May 7, 2018

A few things that you should know about the social search networkand how it is configured to work

A few things that you should know about the social search networkand how it is configured to work:

1) Now the process of data clustering is started, and it happens once an hour. We made it be so frequent because it is easier to test it. Some cron jobs are running every hour, and are updating the Sphinx data on the server. After a while, we will change the data to be clustered once a day, which will be enough.

2) Users are divided into groups when they fill in the questionnaire. If the user is not logged into Zabang, or did not complete the survey, then the Search will work for that user as before, and no social search will apply, because we don't know who that user is.
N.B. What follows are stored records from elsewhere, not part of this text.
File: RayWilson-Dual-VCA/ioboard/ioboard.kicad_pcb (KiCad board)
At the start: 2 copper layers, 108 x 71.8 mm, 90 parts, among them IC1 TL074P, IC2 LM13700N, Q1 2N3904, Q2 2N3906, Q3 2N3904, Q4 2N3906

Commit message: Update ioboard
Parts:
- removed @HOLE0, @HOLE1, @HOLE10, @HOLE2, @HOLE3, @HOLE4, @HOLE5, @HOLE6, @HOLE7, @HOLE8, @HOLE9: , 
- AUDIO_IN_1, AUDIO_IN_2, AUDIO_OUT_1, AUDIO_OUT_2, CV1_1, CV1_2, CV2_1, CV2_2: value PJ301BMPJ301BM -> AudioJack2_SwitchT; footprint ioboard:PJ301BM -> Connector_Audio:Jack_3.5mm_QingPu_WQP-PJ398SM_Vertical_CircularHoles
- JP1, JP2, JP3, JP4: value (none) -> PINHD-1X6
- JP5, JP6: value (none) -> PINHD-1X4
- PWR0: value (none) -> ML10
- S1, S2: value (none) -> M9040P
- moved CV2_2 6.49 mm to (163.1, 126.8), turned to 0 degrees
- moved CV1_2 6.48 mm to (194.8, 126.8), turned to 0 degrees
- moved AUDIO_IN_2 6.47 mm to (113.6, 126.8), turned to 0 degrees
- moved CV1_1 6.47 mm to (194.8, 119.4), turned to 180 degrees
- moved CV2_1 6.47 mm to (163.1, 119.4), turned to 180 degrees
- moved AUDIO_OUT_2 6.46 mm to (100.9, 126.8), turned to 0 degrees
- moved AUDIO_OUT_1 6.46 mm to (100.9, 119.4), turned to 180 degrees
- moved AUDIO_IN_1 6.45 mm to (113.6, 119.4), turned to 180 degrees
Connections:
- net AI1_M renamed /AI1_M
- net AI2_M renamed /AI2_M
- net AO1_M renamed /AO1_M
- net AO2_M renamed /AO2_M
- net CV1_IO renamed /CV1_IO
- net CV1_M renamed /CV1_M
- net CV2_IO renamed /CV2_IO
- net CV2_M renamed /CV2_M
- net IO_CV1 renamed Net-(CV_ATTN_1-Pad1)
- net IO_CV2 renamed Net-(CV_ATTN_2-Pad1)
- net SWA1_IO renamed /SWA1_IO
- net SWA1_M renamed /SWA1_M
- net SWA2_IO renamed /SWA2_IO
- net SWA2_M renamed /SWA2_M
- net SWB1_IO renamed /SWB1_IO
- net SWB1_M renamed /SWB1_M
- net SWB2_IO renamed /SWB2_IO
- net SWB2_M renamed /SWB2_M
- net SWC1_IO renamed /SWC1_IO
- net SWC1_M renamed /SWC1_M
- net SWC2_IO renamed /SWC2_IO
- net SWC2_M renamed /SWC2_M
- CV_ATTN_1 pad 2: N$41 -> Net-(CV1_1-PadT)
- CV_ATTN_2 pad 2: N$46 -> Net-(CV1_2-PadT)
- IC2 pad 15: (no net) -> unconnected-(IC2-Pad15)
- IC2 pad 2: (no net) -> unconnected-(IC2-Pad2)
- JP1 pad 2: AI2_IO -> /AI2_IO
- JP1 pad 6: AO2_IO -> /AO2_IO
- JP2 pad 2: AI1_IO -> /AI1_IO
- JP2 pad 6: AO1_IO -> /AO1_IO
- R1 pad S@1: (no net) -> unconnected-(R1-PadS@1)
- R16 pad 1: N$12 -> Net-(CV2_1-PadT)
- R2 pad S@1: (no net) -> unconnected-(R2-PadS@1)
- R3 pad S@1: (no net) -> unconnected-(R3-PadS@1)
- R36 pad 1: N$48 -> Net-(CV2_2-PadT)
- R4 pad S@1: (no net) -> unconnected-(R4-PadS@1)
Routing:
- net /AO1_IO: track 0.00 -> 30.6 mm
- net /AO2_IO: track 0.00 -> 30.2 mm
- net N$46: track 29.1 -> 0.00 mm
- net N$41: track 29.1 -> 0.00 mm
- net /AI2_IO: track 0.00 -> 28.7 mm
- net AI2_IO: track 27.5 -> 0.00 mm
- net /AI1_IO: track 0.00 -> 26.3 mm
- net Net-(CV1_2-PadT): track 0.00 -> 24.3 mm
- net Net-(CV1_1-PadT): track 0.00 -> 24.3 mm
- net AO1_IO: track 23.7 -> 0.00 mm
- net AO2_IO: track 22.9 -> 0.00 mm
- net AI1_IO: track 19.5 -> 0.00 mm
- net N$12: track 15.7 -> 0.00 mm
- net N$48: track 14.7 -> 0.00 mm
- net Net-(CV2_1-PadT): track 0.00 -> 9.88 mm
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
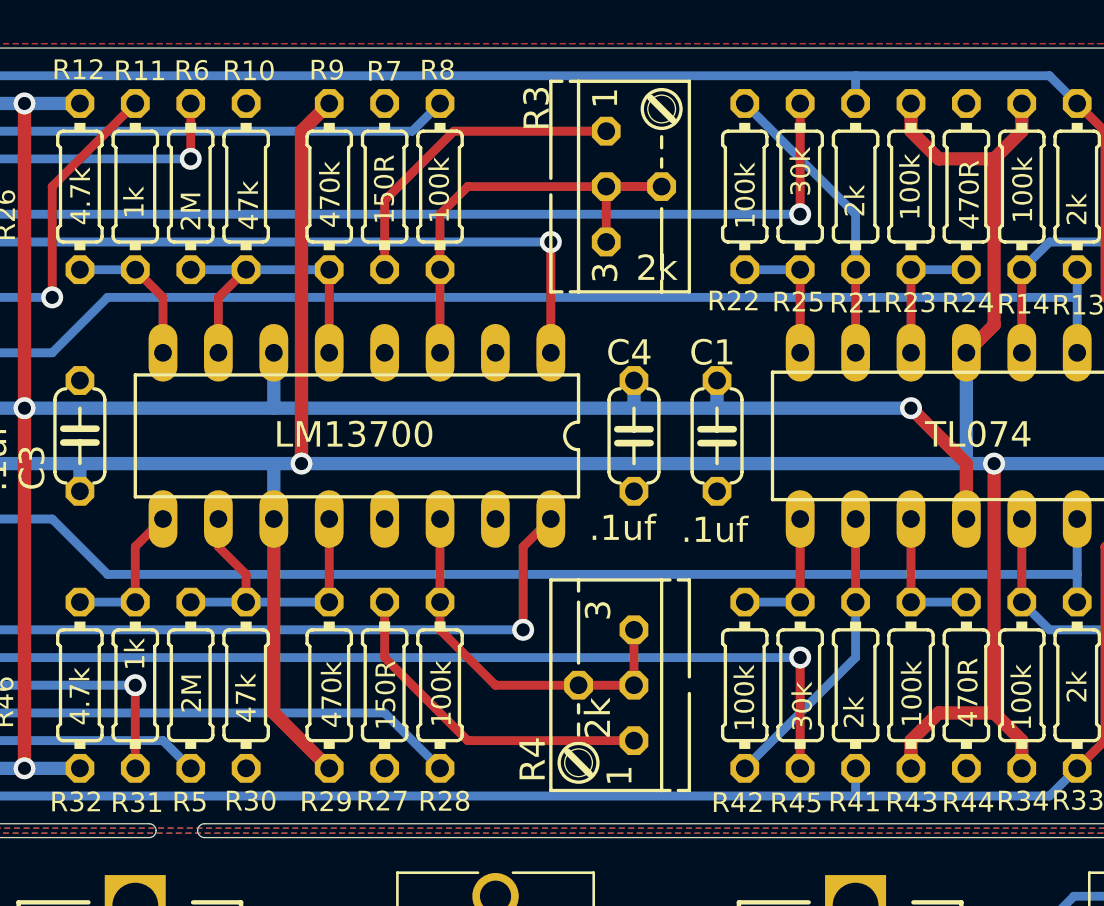
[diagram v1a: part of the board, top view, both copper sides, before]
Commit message: Change LM13700 to be SMD since that's the only part available
In both TME and LCSC.
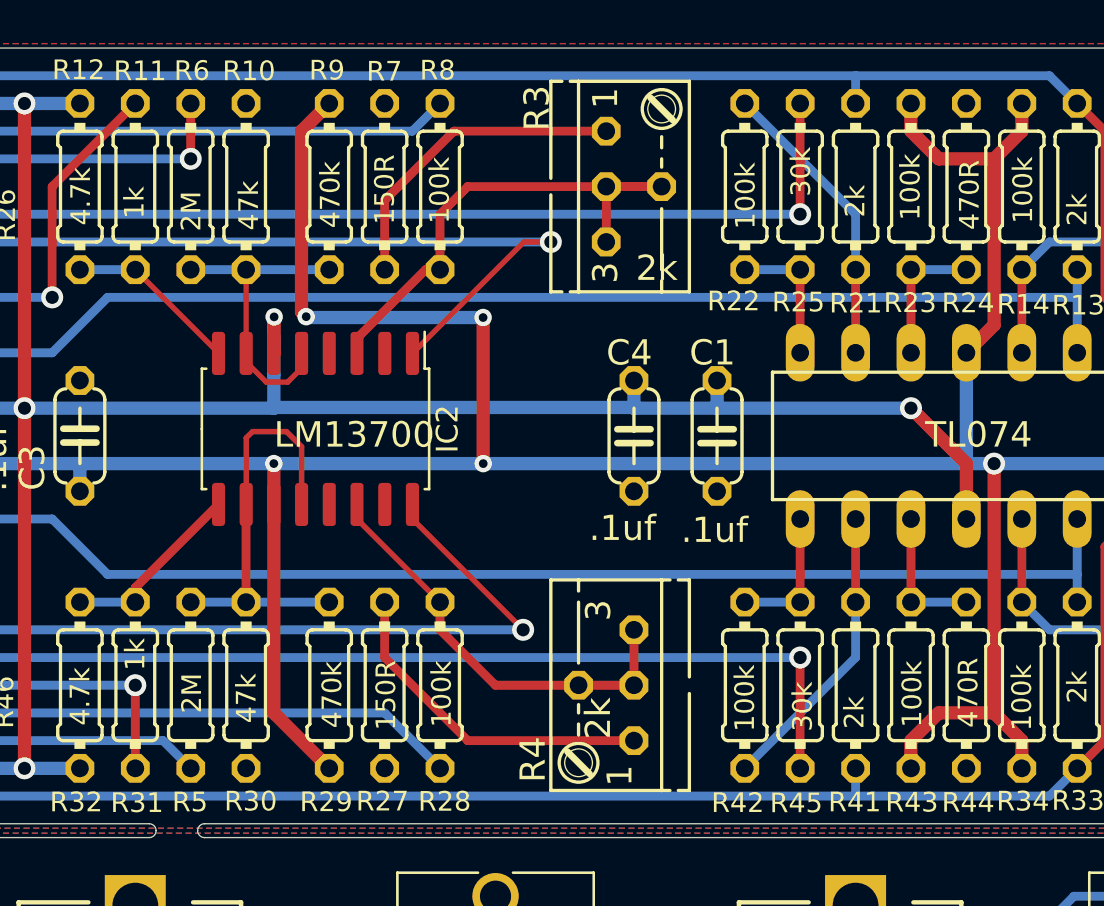
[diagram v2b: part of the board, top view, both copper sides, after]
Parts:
- IC2: footprint ioboard:DIL16 -> Package_SO:SO-16_5.3x10.2mm_P1.27mm
- moved IC2 1.93 mm to (154.9, 86.6), turned to -90 degrees
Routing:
- net +12V: track 275.8 -> 283.9 mm, vias 2 -> 5
- net Net-(IC2-Pad10): track 14.5 -> 19.5 mm
- net /SWB1_M: track 48.3 -> 51.6 mm
- net -12V: track 212.1 -> 215.4 mm, vias 5 -> 6
- net /SWB2_M: track 47.5 -> 49.8 mm
- net Net-(IC2-Pad14): track 17.6 -> 19.8 mm
- net Net-(IC2-Pad3): track 22.1 -> 24.1 mm
- net Net-(IC2-Pad9): track 6.88 -> 8.60 mm
- net Net-(IC2-Pad8): track 6.88 -> 7.96 mm

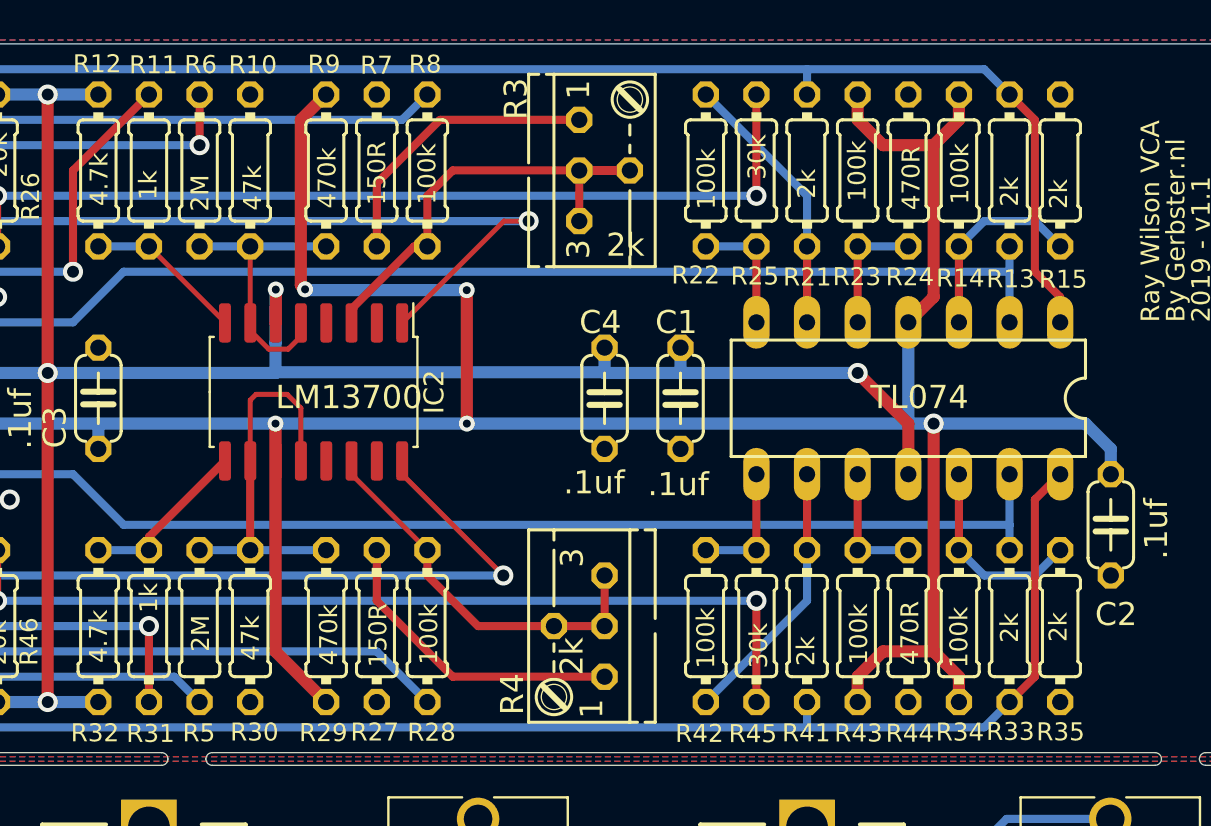
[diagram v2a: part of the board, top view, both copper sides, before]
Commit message: Replace TL047P with SMD
Since that's the only package available from LCSC.
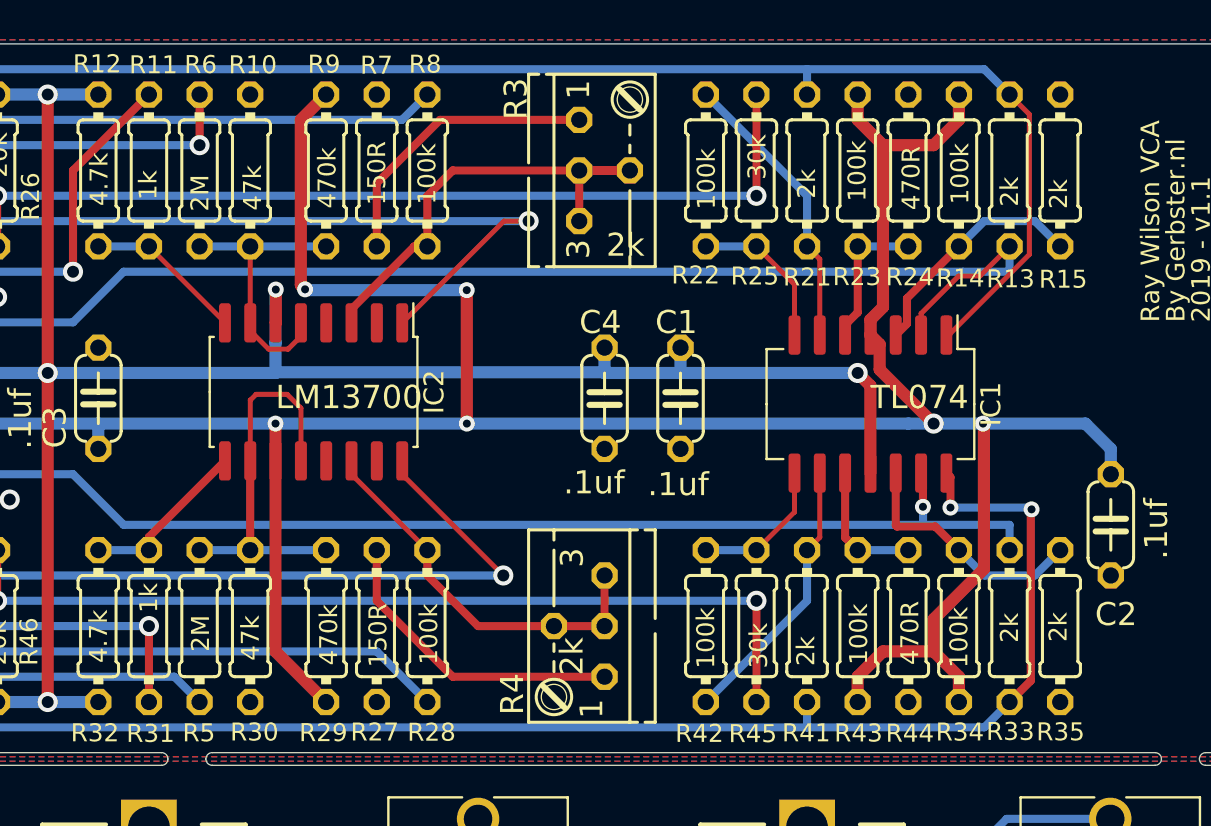
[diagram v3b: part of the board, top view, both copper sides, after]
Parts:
- IC1: footprint ioboard:DIL14 -> Package_SO:SO-14_5.3x10.2mm_P1.27mm
- moved IC1 1.92 mm to (182.8, 87.2), turned to -90 degrees
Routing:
- net /CV1_M: track 59.5 -> 63.8 mm
- net Net-(IC1-Pad14): track 101.7 -> 105.3 mm, vias 0 -> 2
- net Net-(IC1-Pad12): track 9.94 -> 12.4 mm
- net +12V: track 283.9 -> 286.0 mm, vias 5 -> 6
- net Net-(IC1-Pad3): track 9.94 -> 11.9 mm
- net Net-(IC1-Pad1): track 92.2 -> 94.0 mm
- net Net-(IC1-Pad7): track 6.35 -> 7.78 mm
- net Net-(IC1-Pad6): track 13.5 -> 14.4 mm
- net Net-(IC1-Pad5): track 6.35 -> 7.25 mm
- net Net-(IC1-Pad8): track 6.35 -> 7.20 mm
- net -12V: track 215.4 -> 214.6 mm
- net /CV2_M: track 59.5 -> 59.6 mm, vias 0 -> 1

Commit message: Align potentiometer packages to standard 3-pin 0.1"
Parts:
- R1, R2, R3, R4: footprint ioboard:S64YW -> Potentiometer_THT:Potentiometer_Bourns_3296W_Vertical
- moved R2 2.94 mm to (123.7, 72.9), turned to 180 degrees
- moved R1 2.94 mm to (123.7, 99.5), turned to 180 degrees
- moved R4 2.88 mm to (169.4, 95.7), turned to 90 degrees
- moved R3 2.81 mm to (168.1, 77.9), turned to -90 degrees
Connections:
- R5 pad 1: Net-(R1-PadS) -> Net-(R1-Pad2)
- R6 pad 1: Net-(R2-PadS) -> Net-(R2-Pad2)
- R7 pad 2: Net-(R3-PadA) -> Net-(R3-Pad3)
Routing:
- net Net-(R2-PadS): track 27.9 -> 0.00 mm, vias 1 -> 0
- net Net-(R2-Pad2): track 0.00 -> 27.9 mm, vias 0 -> 1
- net Net-(R1-PadS): track 25.9 -> 0.00 mm
- net Net-(R1-Pad2): track 0.00 -> 25.9 mm
- net Net-(R3-PadA): track 14.7 -> 0.00 mm
- net Net-(R3-Pad3): track 0.00 -> 14.7 mm
- net Net-(IC2-Pad3): track 24.1 -> 19.0 mm

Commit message: Align footprints to actual shapes
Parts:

3) Information about logged in users is collected regardless of whether they belong to any group yet, or not. In other words, the information about what a logged in user is looking for and what interests him - is being recorded for all logged in users. However, as long as the logged in user has not filled in the questionnaire, that information about the user is not used at all. As soon as the logged in user fills in the questionnaire, he is assigned to SIGs, and the data that was gathered about him starts being used by the system automatically, and is added to the data of other users belonging to the same social network. All the data gathered about users belonging to the same social network, help users to obtain relevant information for their social network.

4) Let's say a new user has just registered, and didn't have time do do any searches on Zabang, but he did fill in the questionnaire. As a result of that, the system will put him in the appropriate social network and will start showing him content that is potentially interesting to him, based only on his demographic data, and on the data gathered from other users from the same social network.

5) The search results that users from a specific social network are visiting - determine what search results are considered as being more relevant for that social network. Over time, the system learns that certain search results get a lot more hits than others, which means that users from that social network are primarily interested in some results, and not interested as much in others. The results that are of a higher interest to that social network are pushed up for all members of that social network when searching for specific keywords.

6) The social network updates and distribution occurs once per hour, and is triggered by one of the cron jobs, as described in point 1 from above.

7) In order to start testing the social network, it is desirable to attract about 362 users or more to fill in our questionnaire. After that, they should be actively using the Zabang search. At that point, the social network and machine learning system that we developed will work at their full capacity and will work at its best.

It has been a lot of work, but it is getting there underneath the shell.